Autoinverse: Uncertainty Aware Inversion of Neural Networks (Navid Ansari)
Neural networks are powerful surrogates for numerous forward processes. The inversion of such surrogates is extremely valuable in science and engineering. The most important property of a successful neural inverse method is the performance of its solutions when deployed in the real world, i.e., on the native forward process (and not only the learned surrogate). We propose Autoinverse, a highly automated approach for inverting neural network surrogates. Our main insight is to seek inverse solutions in the vicinity of reliable data which have been sampled form the forward process and used for training the surrogate model. Autoinverse finds such solutions by taking into account the predictive uncertainty of the surrogate and minimizing it during the inversion. Apart from high accuracy, Autoinverse enforces the feasibility of solutions, comes with embedded regularization, and is initialization free. We verify our proposed method through addressing a set of real-world problems in control, fabrication, and design.
Aligning evaluation of uncertainty-aware forecasts to their downstream usage (Novin Shahroudi)

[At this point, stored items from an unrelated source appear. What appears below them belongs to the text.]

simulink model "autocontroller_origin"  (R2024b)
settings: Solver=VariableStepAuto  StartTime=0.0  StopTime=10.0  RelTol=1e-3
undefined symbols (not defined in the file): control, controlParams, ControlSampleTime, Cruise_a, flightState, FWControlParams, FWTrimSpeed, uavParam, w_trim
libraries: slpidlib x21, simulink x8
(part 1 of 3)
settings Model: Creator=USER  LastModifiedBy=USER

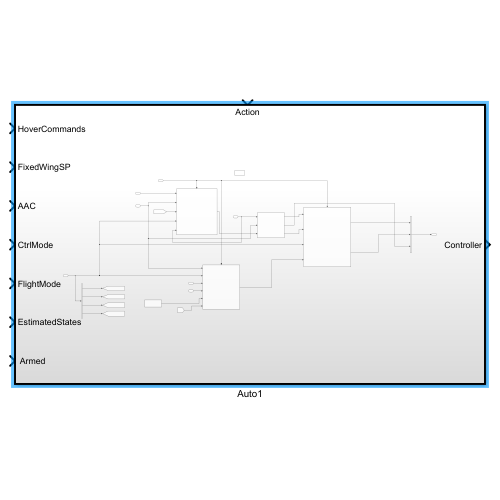
[thumbnail: Simulink's stored preview of the top-level diagram]
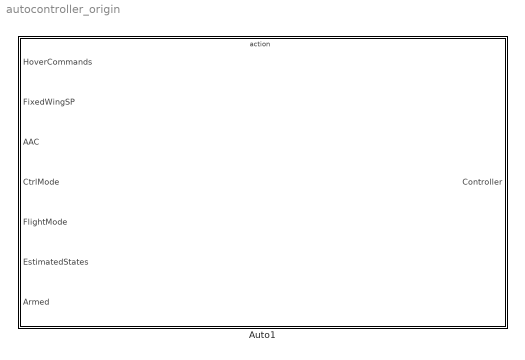
== system autocontroller_origin ==
  Auto1 : Subsystem  TreatAsAtomicUnit=on

== system autocontroller_origin/Auto1 ==
  HoverCommands : Inport  OutDataTypeStr=Bus: HoverSPBus
  FixedWingSP : Inport  Port=2
  AAC : Inport  Port=3
  CtrlMode : Inport  Port=4
  FlightMode : Inport  Port=5
  EstimatedStates : Inport  Port=6
  " Armed" : Inport  Port=7
  Action Port : ActionPort
  Blend Scheduler : Subsystem
  Bus Creator : BusCreator  Inputs=3  OutDataTypeStr=Bus: controller
  Bus Selector2 : BusSelector  OutputSignals=inTransition,TransitionCondition,BackTransitionCondition,TransitionStep
  Fixed Wing Controller : Subsystem  TreatAsAtomicUnit=on  VariantControl=Fixed Wing Controller
  Manual Control : Subsystem
  Multicopter Controller : Subsystem  TreatAsAtomicUnit=on
  Scheduler : Subsystem  SystemSampleTime=0.005
  Controller : Outport
  wires:
  Scheduler/1(MotorActuatorCommands) -> Bus Creator/1  "MotorActuatorCommands"
  Manual Control/1(AERT) -> Fixed Wing Controller/5(AERT)
  Scheduler/2(CtrlSurfaceCommands) -> Bus Creator/2  "CtrlSurfaceCommands"
  Fixed Wing Controller/1(Actuator) -> Scheduler/4(FixedWingActuators)
  Blend Scheduler/2(alpha) -> Bus Creator/3  "a"
  Multicopter Controller/1(MixerCommands) -> Blend Scheduler/3(MixerCommands)
  AAC/1 -> Fixed Wing Controller/3(AAC SP)
  FixedWingSP/1 -> Fixed Wing Controller/4(FixedWingSP)
  [InTransition] -> Multicopter Controller/3(InTransition)
  " Armed"/1 -> Fixed Wing Controller/Enable, Scheduler/Enable, Multicopter Controller/Enable
  HoverCommands/1 -> Multicopter Controller/1(Hover Commands)
  EstimatedStates/1 -> Fixed Wing Controller/1(States), Blend Scheduler/2(States), Multicopter Controller/2(States)
  FlightMode/1 -> Multicopter Controller/5(FlightMode), Blend Scheduler/1(FlightMode)
  Bus Selector2/2 -> [TransitionDone]  "<TransitionCondition>"
  CtrlMode/1 -> Bus Selector2/1, Scheduler/3(CtrlMode), Multicopter Controller/4(CtrlMode), Fixed Wing Controller/2(Control Mode)
  Bus Selector2/1 -> [InTransition]  "<inTransition>"
  Bus Selector2/3 -> [BackTransitionDone]  "<BackTransitionCondition>"
  Bus Creator/1 -> Controller/1
  Blend Scheduler/3(FlightState) -> Scheduler/2(FlightState)
  [InTransition] -> Fixed Wing Controller/6(In1)
  Bus Selector2/4 -> [TransitionStep]  "<TransitionStep>"
  Blend Scheduler/1(MotorCommands) -> Scheduler/1(MotorCommands)

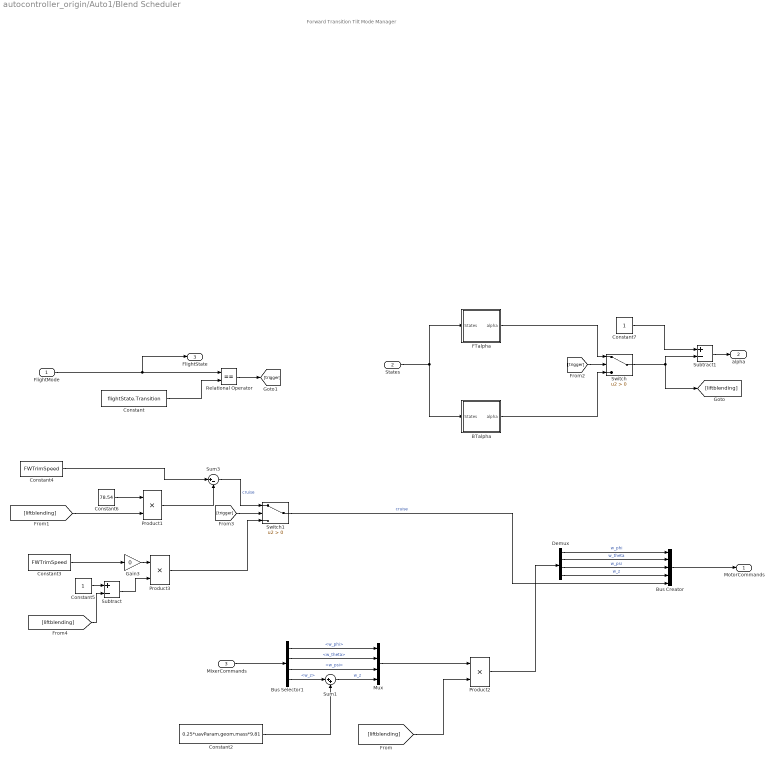
== system autocontroller_origin/Auto1/Blend Scheduler ==
  note: Forward Transition Tilt Mode Manager
  FlightMode : Inport
  States : Inport  Port=2
  MixerCommands : Inport  Port=3
  BTalpha : Subsystem  TreatAsAtomicUnit=on
  Bus Creator : BusCreator  Inputs=5
  Bus Selector1 : BusSelector  OutputSignals=w_phi,w_theta,w_psi,w_z
  Constant : Constant  Value=flightState.Transition
  Constant2 : Constant  Value=0.25*uavParam.geom.mass*9.81
  Constant3 : Constant  Value=FWTrimSpeed
  Constant4 : Constant  Value=FWTrimSpeed
  Constant5 : Constant
  Constant6 : Constant  Value=78.54
  Constant7 : Constant
  Demux : Demux
  FTalpha : Subsystem
  Gain3 : Gain  Gain=0
  Mux : Mux
  Product1 : Product
  Product2 : Product
  Product3 : Product
  Relational Operator : RelationalOperator  Operator===  OutDataTypeStr=boolean  RndMeth=Simplest  InputSameDT=off
  Subtract : Sum  Inputs=+-
  Subtract1 : Sum  Inputs=+-
  Sum1 : Sum  Inputs=|++
  Sum3 : Sum  Inputs=|+-
  Switch : Switch  Criteria=u2 > Threshold  SaturateOnIntegerOverflow=off  InputSameDT=off
  Switch1 : Switch  Criteria=u2 > Threshold  SaturateOnIntegerOverflow=off  InputSameDT=off
  MotorCommands : Outport
  alpha : Outport  Port=2
  FlightState : Outport  Port=3
  wires:
  FlightMode/1 -> Relational Operator/1, FlightState/1
  Relational Operator/1 -> [trigger]
  Bus Selector1/4 -> Sum1/1  "<w_z>"
  Constant2/1 -> Sum1/2
  [liftblending] -> Product2/2
  Mux/1 -> Product2/1
  MixerCommands/1 -> Bus Selector1/1
  Bus Selector1/1 -> Mux/1  "<w_phi>"
  Bus Selector1/2 -> Mux/2  "<w_theta>"
  Bus Selector1/3 -> Mux/3  "<w_psi>"
  Sum1/1 -> Mux/4  "w_z"
  Product2/1 -> Demux/1
  Demux/1 -> Bus Creator/1  "w_phi"
  Demux/2 -> Bus Creator/2  "w_theta"
  Demux/3 -> Bus Creator/3  "w_psi"
  Demux/4 -> Bus Creator/4  "w_z"
  Bus Creator/1 -> MotorCommands/1
  Constant6/1 -> Product1/1
  States/1 -> FTalpha/1(States), BTalpha/1(States)
  Switch/1 -> [liftblending], Subtract1/2
  FTalpha/1(alpha) -> Switch/1
  BTalpha/1(alpha) -> Switch/3
  [trigger] -> Switch/2
  Product1/1 -> Sum3/2
  Sum3/1 -> Switch1/1  "cruise"
  [trigger] -> Switch1/2
  Switch1/1 -> Bus Creator/5  "cruise"
  Constant3/1 -> Gain3/1
  Gain3/1 -> Product3/1
  Constant5/1 -> Subtract/1
  [liftblending] -> Subtract/2
  Subtract/1 -> Product3/2
  Product3/1 -> Switch1/3
  Constant7/1 -> Subtract1/1
  Subtract1/1 -> alpha/1
  Constant/1 -> Relational Operator/2
  [liftblending] -> Product1/2
  Constant4/1 -> Sum3/1

== system autocontroller_origin/Auto1/Fixed Wing Controller ==
  States : Inport
  Control Mode : Inport  Port=2
  AAC SP : Inport  Port=3  OutDataTypeStr=Bus: AAC
  FixedWingSP : Inport  Port=4  OutDataTypeStr=Bus: FixedWingCommandBus
  AERT : Inport  Port=5
  In1 : Inport  Port=6
  Actuator Armed : EnablePort
  Subsystem : Subsystem
  Actuator : Outport
  wires:
  States/1 -> Subsystem/1(States)
  Control Mode/1 -> Subsystem/2(Control Mode)
  AAC SP/1 -> Subsystem/3(AAC SP)
  Subsystem/1(Actuator) -> Actuator/1
  AERT/1 -> Subsystem/5(AERT)
  FixedWingSP/1 -> Subsystem/4(FixedWingSP)
  In1/1 -> Subsystem/6(Intransition)

== system autocontroller_origin/Auto1/Manual Control ==
  Bus Creator : BusCreator  Inputs=4
  Constant{,1..3} (4 alike) : Constant  Value=0  SampleTime=-1
  AERT : Outport
  wires:
  Constant/1 -> Bus Creator/1  "aileron"
  Constant1/1 -> Bus Creator/2  "throttle"
  Constant2/1 -> Bus Creator/3  "elevator"
  Constant3/1 -> Bus Creator/4  "rudder"
  Bus Creator/1 -> AERT/1

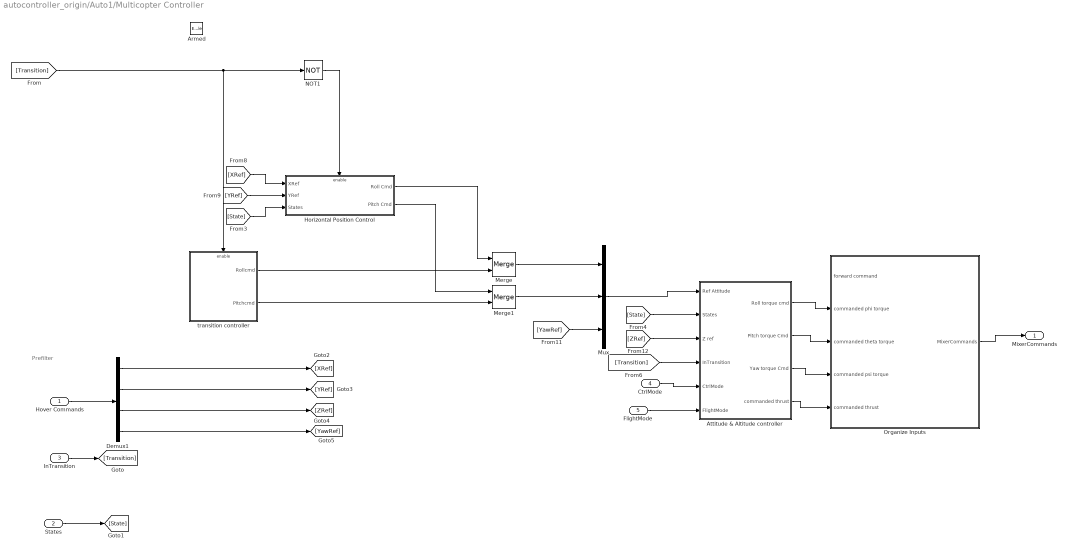
== system autocontroller_origin/Auto1/Multicopter Controller ==
  note: Prefilter
  Hover Commands : Inport  OutDataTypeStr=Bus: HoverSPBus
  States : Inport  Port=2
  InTransition : Inport  Port=3
  CtrlMode : Inport  Port=4
  FlightMode : Inport  Port=5
  " Armed" : EnablePort
  Attitude & Altitude controller : Subsystem
  Demux1 : Demux
  Horizontal Position Control : Subsystem  TreatAsAtomicUnit=on
  Merge : Merge
  Merge1 : Merge
  Mux : Mux  Inputs=3
  NOT1 : Logic  Operator=NOT  IconShape=distinctive  AllPortsSameDT=off  OutDataTypeStr=boolean
  Organize Inputs : Subsystem
  transition controller : Subsystem
  MixerCommands : Outport
  wires:
  Organize Inputs/1(MixerCommands) -> MixerCommands/1
  Demux1/1 -> [XRef]
  [State] -> Horizontal Position Control/3(States)
  Demux1/3 -> [ZRef]
  NOT1/1 -> Horizontal Position Control/Enable
  [XRef] -> Horizontal Position Control/1(XRef)
  [YRef] -> Horizontal Position Control/2(YRef)
  InTransition/1 -> [Transition]
  States/1 -> [State]
  Hover Commands/1 -> Demux1/1
  Demux1/4 -> [YawRef]
  Mux/1 -> Attitude & Altitude controller/1(Ref Attitude)
  [State] -> Attitude & Altitude controller/2(States)
  [ZRef] -> Attitude & Altitude controller/3(Z ref)
  [Transition] -> Attitude & Altitude controller/4(InTransition)
  Attitude & Altitude controller/1(Roll torque cmd) -> Organize Inputs/2(commanded phi torque)
  Attitude & Altitude controller/2(Pitch torque Cmd) -> Organize Inputs/3(commanded theta torque)
  Attitude & Altitude controller/4(commanded thrust) -> Organize Inputs/5(commanded thrust)
  FlightMode/1 -> Attitude & Altitude controller/6(FlightMode)
  Attitude & Altitude controller/3(Yaw torque Cmd) -> Organize Inputs/4(commanded psi torque)
  [Transition] -> NOT1/1, transition controller/Enable
  [YawRef] -> Mux/3
  Demux1/2 -> [YRef]
  Merge/1 -> Mux/1
  Merge1/1 -> Mux/2
  transition controller/1(Rollcmd) -> Merge/2
  transition controller/2(Pitchcmd) -> Merge1/2
  Horizontal Position Control/1(Roll Cmd) -> Merge/1
  Horizontal Position Control/2(Pitch Cmd) -> Merge1/1
  CtrlMode/1 -> Attitude & Altitude controller/5(CtrlMode)

== system autocontroller_origin/Auto1/Scheduler ==
  MotorCommands : Inport
  FlightState : Inport  Port=2  OutDataTypeStr=Enum: flightState
  CtrlMode : Inport  Port=3
  FixedWingActuators : Inport  Port=4
  " Armed" : EnablePort
  FixedWingScheduler : Subsystem
  Subsystem : Subsystem
  MotorActuatorCommands : Outport  OutputWhenDisabled=reset  InitialOutput=0
  CtrlSurfaceCommands : Outport  Port=2  OutDataTypeStr=Bus: FixedWingCtrlBus  OutputWhenDisabled=reset  InitialOutput=0  VectorParamsAs1DForOutWhenUnconnected=off
  wires:
  FixedWingScheduler/1(ActuatorControls) -> CtrlSurfaceCommands/1, Subsystem/2(FixedWingActuators)
  FlightState/1 -> Subsystem/1(FlightState), FixedWingScheduler/1(FlightState)
  Subsystem/1(ActuatorControls) -> MotorActuatorCommands/1
  MotorCommands/1 -> Subsystem/4(MotorCommands)
  FixedWingActuators/1 -> FixedWingScheduler/2(FixedWingActuators)
  CtrlMode/1 -> Subsystem/3(CtrlMode)

== system autocontroller_origin/Auto1/Blend Scheduler/BTalpha ==
  States : Inport
  Bus Selector : BusSelector  OutputSignals=airspeed
  Constant : Constant  Value=65
  Gain : Gain  Gain=1/20
  Saturation : Saturate  UpperLimit=1  LowerLimit=0
  Subtract : Sum  Inputs=+-
  alpha : Outport
  wires:
  Constant/1 -> Subtract/1
  Subtract/1 -> Gain/1
  Gain/1 -> Saturation/1
  Saturation/1 -> alpha/1
  States/1 -> Bus Selector/1
  Bus Selector/1 -> Subtract/2  "<airspeed>"

== system autocontroller_origin/Auto1/Blend Scheduler/FTalpha ==
  States : Inport
  1-a : Sum  Inputs=+-
  Bus Selector : BusSelector  OutputSignals=airspeed
  Constant3 : Constant  Value=35
  Constant5 : Constant  Value=Cruise_a
  Gain3 : Gain  Gain=1/10
  Saturation1 : Saturate  UpperLimit=10  LowerLimit=0
  Sum2 : Sum  Inputs=|+-
  alpha : Outport
  wires:
  1-a/1 -> alpha/1
  Bus Selector/1 -> Sum2/1  "<airspeed>"
  Gain3/1 -> 1-a/2
  Sum2/1 -> Saturation1/1
  Saturation1/1 -> Gain3/1
  Constant3/1 -> Sum2/2
  States/1 -> Bus Selector/1
  Constant5/1 -> 1-a/1

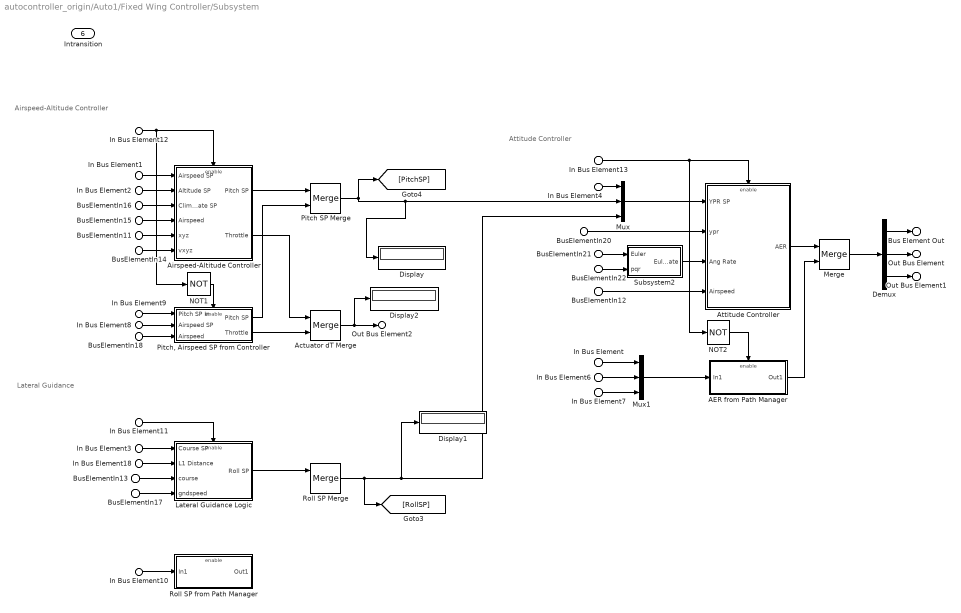
== system autocontroller_origin/Auto1/Fixed Wing Controller/Subsystem ==
  note: Airspeed-Altitude Controller
  note: Lateral Guidance
  note: Attitude Controller
  BusElementIn11 : Inport  PortName=States  Element=Xe
  BusElementIn12 : Inport  PortName=States  Element=airspeed
  BusElementIn15 : Inport  PortName=States  Element=airspeed
  BusElementIn18 : Inport  PortName=States  Element=airspeed
  BusElementIn13 : Inport  PortName=States  Element=course
  BusElementIn16 : Inport  PortName=States  Element=course
  BusElementIn14 : Inport  PortName=States  Element=Ve_ground
  BusElementIn17 : Inport  PortName=States  Element=gndspeed
  BusElementIn20 : Inport  PortName=States  Element=YPR
  BusElementIn21 : Inport  PortName=States  Element=Euler
  BusElementIn22 : Inport  PortName=States  Element=pqr
  In Bus Element11 : Inport  Port=2  PortName=Control Mode  Element=lateralGuidance
  In Bus Element12 : Inport  Port=2  PortName=Control Mode  Element=airspeedAltitude
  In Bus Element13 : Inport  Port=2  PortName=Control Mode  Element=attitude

Every forecast is ultimately used downstream; however, a forecast evaluation process typically does not consider implications on the downstream, e.g., how much value/cost the downstream task would benefit/bear using that forecast. A more general phenomenon is that a better forecast according to a specific evaluation measure may not necessarily lead to a higher value (or lower cost) for the downstream task. This issue could also be rephrased as a misalignment of a forecast evaluation process with the downstream objective. One can consider forecast evaluation directly on the downstream objective. Still, usually, it is costly, but also, a forecast might be of use to multiple downstream tasks with different objectives, so it is necessary to have an assessment of some sort from the view of both. Moreover, in many cases, at the time of issuing a forecast or building a forecasting model, its potential downstream applications may not be accessible or even known. Besides, a downstream task may not have access to the forecasting model but only to the already issued forecasts. In this talk, we are aspired to find an answer to the question: Is it possible to align the evaluation to the downstream task’s objective? And would it be possible to use existing evaluation frameworks, such as scoring rules to achieve such a goal? To answer these questions, we go through a few of our empirical results and an overview of the directions we took to understand and address the problem of aligning forecast evaluation with a downstream task's objective.